*Work to be completed:*
Give back exactly the lines of the entries below from the line with "LCA_DAT: OPENHEALTH.16/A2 (16/A2/T), U$8.DAT" to the line with "OUTPUT: OPENHEALTH.17/A3 (17/A3/T), U$7.PIN_OUTPUT", inclusive, and only those.

**** Supplied material

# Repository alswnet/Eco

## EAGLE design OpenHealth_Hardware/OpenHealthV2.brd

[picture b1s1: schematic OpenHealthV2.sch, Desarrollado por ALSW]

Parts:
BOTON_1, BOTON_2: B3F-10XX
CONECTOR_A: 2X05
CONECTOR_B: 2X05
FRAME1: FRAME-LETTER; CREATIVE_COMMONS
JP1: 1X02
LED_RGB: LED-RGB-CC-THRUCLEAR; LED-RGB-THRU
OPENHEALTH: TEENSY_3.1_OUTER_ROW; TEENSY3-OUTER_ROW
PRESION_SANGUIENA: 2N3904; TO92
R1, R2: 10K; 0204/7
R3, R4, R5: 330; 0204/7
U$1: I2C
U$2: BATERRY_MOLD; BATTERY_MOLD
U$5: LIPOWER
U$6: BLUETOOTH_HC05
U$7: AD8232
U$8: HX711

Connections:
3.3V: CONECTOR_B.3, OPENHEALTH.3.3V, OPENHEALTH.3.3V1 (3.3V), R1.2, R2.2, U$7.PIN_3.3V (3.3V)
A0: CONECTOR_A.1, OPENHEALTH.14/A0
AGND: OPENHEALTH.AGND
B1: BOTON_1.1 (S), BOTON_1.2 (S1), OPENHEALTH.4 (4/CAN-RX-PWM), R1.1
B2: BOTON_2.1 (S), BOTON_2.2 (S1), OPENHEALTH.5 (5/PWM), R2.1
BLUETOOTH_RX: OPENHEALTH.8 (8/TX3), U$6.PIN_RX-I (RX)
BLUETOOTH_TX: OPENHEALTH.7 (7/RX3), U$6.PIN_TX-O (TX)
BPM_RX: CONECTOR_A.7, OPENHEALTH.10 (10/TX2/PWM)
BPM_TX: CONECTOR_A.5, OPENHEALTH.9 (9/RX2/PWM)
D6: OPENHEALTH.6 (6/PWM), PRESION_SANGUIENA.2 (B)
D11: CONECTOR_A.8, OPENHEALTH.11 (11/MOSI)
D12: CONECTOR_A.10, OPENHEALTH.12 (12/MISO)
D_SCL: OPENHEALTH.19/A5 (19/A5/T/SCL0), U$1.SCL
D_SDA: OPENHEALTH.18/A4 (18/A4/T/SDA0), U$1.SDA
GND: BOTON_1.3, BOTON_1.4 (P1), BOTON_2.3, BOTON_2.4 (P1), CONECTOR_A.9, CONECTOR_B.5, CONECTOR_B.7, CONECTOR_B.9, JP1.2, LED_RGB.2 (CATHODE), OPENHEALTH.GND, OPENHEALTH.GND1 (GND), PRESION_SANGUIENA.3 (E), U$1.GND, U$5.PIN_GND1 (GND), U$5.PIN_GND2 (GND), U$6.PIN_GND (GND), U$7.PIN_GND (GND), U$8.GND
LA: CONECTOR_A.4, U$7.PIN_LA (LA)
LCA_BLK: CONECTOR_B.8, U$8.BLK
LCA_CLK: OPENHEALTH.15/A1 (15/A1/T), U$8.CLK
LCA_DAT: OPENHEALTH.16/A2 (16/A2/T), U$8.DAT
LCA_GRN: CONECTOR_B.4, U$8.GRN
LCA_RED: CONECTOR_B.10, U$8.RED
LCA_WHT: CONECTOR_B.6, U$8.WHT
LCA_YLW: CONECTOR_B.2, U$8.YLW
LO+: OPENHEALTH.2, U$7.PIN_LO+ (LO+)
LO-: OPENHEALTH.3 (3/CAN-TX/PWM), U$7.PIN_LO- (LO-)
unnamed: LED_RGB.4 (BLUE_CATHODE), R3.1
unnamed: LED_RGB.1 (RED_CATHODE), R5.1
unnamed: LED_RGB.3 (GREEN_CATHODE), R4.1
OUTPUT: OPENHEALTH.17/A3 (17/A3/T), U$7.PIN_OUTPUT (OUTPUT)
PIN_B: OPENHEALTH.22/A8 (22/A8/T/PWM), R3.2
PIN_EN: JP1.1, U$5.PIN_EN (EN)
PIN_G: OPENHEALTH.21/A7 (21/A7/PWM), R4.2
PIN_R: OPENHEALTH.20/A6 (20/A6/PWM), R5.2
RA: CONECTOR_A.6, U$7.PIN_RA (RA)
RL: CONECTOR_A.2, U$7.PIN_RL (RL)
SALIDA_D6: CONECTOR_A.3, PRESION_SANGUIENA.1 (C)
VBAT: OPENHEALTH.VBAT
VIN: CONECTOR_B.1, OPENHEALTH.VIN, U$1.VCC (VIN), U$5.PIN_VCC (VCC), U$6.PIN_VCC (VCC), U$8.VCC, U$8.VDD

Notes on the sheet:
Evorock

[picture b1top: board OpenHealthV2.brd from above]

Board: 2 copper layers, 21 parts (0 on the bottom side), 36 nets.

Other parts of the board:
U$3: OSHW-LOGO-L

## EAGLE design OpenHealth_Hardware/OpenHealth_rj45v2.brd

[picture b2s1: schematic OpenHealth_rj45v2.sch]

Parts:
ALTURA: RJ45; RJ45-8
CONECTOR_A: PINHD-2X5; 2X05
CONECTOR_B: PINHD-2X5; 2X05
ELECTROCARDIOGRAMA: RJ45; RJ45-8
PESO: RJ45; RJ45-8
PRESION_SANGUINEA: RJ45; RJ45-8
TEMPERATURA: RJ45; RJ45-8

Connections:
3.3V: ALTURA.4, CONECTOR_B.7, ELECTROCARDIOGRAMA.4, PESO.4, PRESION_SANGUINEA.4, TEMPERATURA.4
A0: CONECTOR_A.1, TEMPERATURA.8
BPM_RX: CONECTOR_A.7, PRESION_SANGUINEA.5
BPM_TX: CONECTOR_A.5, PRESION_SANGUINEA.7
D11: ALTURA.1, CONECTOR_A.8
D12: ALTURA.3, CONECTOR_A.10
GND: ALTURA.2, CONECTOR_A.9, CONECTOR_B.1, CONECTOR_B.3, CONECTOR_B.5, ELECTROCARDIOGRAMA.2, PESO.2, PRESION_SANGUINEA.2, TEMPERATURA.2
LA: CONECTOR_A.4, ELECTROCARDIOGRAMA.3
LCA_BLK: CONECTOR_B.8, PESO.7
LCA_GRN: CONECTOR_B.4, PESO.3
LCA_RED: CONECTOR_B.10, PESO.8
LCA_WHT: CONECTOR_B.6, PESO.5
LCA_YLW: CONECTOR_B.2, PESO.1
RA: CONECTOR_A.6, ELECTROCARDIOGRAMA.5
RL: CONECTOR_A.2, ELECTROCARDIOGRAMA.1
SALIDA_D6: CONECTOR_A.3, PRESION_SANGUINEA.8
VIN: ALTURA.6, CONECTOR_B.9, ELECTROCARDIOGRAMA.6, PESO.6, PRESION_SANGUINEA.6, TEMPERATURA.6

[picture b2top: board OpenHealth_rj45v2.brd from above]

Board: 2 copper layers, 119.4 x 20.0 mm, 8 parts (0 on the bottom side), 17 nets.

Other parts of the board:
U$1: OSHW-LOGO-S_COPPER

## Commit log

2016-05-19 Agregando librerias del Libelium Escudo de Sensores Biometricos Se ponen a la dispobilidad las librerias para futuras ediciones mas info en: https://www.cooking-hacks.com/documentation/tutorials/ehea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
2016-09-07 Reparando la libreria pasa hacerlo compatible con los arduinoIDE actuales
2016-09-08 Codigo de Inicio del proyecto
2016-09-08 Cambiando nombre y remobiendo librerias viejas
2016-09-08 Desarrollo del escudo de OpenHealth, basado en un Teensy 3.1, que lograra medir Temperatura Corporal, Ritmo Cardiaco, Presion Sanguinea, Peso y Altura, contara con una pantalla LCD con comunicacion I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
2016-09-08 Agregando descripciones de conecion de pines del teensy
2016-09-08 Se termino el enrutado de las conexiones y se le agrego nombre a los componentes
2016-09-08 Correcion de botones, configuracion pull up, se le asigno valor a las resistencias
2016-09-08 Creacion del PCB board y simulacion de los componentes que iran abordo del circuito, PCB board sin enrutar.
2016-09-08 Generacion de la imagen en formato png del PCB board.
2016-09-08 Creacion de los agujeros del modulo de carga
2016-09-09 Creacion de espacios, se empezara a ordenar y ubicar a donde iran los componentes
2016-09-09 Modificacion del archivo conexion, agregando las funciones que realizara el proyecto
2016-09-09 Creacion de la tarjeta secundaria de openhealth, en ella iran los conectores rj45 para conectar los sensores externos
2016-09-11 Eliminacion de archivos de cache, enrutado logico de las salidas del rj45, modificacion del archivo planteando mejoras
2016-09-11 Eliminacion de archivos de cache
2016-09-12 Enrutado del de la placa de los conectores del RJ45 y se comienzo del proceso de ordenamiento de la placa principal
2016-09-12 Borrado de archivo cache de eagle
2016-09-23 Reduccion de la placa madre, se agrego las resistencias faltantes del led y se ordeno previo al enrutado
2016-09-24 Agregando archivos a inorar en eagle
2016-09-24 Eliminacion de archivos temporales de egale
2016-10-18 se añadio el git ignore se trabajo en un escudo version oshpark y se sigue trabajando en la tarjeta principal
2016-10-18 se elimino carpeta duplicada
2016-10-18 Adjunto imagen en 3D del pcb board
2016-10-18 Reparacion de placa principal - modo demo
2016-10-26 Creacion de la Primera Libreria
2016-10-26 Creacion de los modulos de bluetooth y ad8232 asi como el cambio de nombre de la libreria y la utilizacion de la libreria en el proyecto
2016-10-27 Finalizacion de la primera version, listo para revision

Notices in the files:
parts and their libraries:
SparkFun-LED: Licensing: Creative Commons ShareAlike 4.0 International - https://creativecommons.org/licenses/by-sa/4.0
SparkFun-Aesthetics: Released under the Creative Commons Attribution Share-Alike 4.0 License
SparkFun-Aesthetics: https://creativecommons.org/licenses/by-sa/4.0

********

*Written solution:*
LCA_DAT: OPENHEALTH.16/A2 (16/A2/T), U$8.DAT
LCA_GRN: CONECTOR_B.4, U$8.GRN
LCA_RED: CONECTOR_B.10, U$8.RED
LCA_WHT: CONECTOR_B.6, U$8.WHT
LCA_YLW: CONECTOR_B.2, U$8.YLW
LO+: OPENHEALTH.2, U$7.PIN_LO+ (LO+)
LO-: OPENHEALTH.3 (3/CAN-TX/PWM), U$7.PIN_LO- (LO-)
unnamed: LED_RGB.4 (BLUE_CATHODE), R3.1
unnamed: LED_RGB.1 (RED_CATHODE), R5.1
unnamed: LED_RGB.3 (GREEN_CATHODE), R4.1
OUTPUT: OPENHEALTH.17/A3 (17/A3/T), U$7.PIN_OUTPUT (OUTPUT)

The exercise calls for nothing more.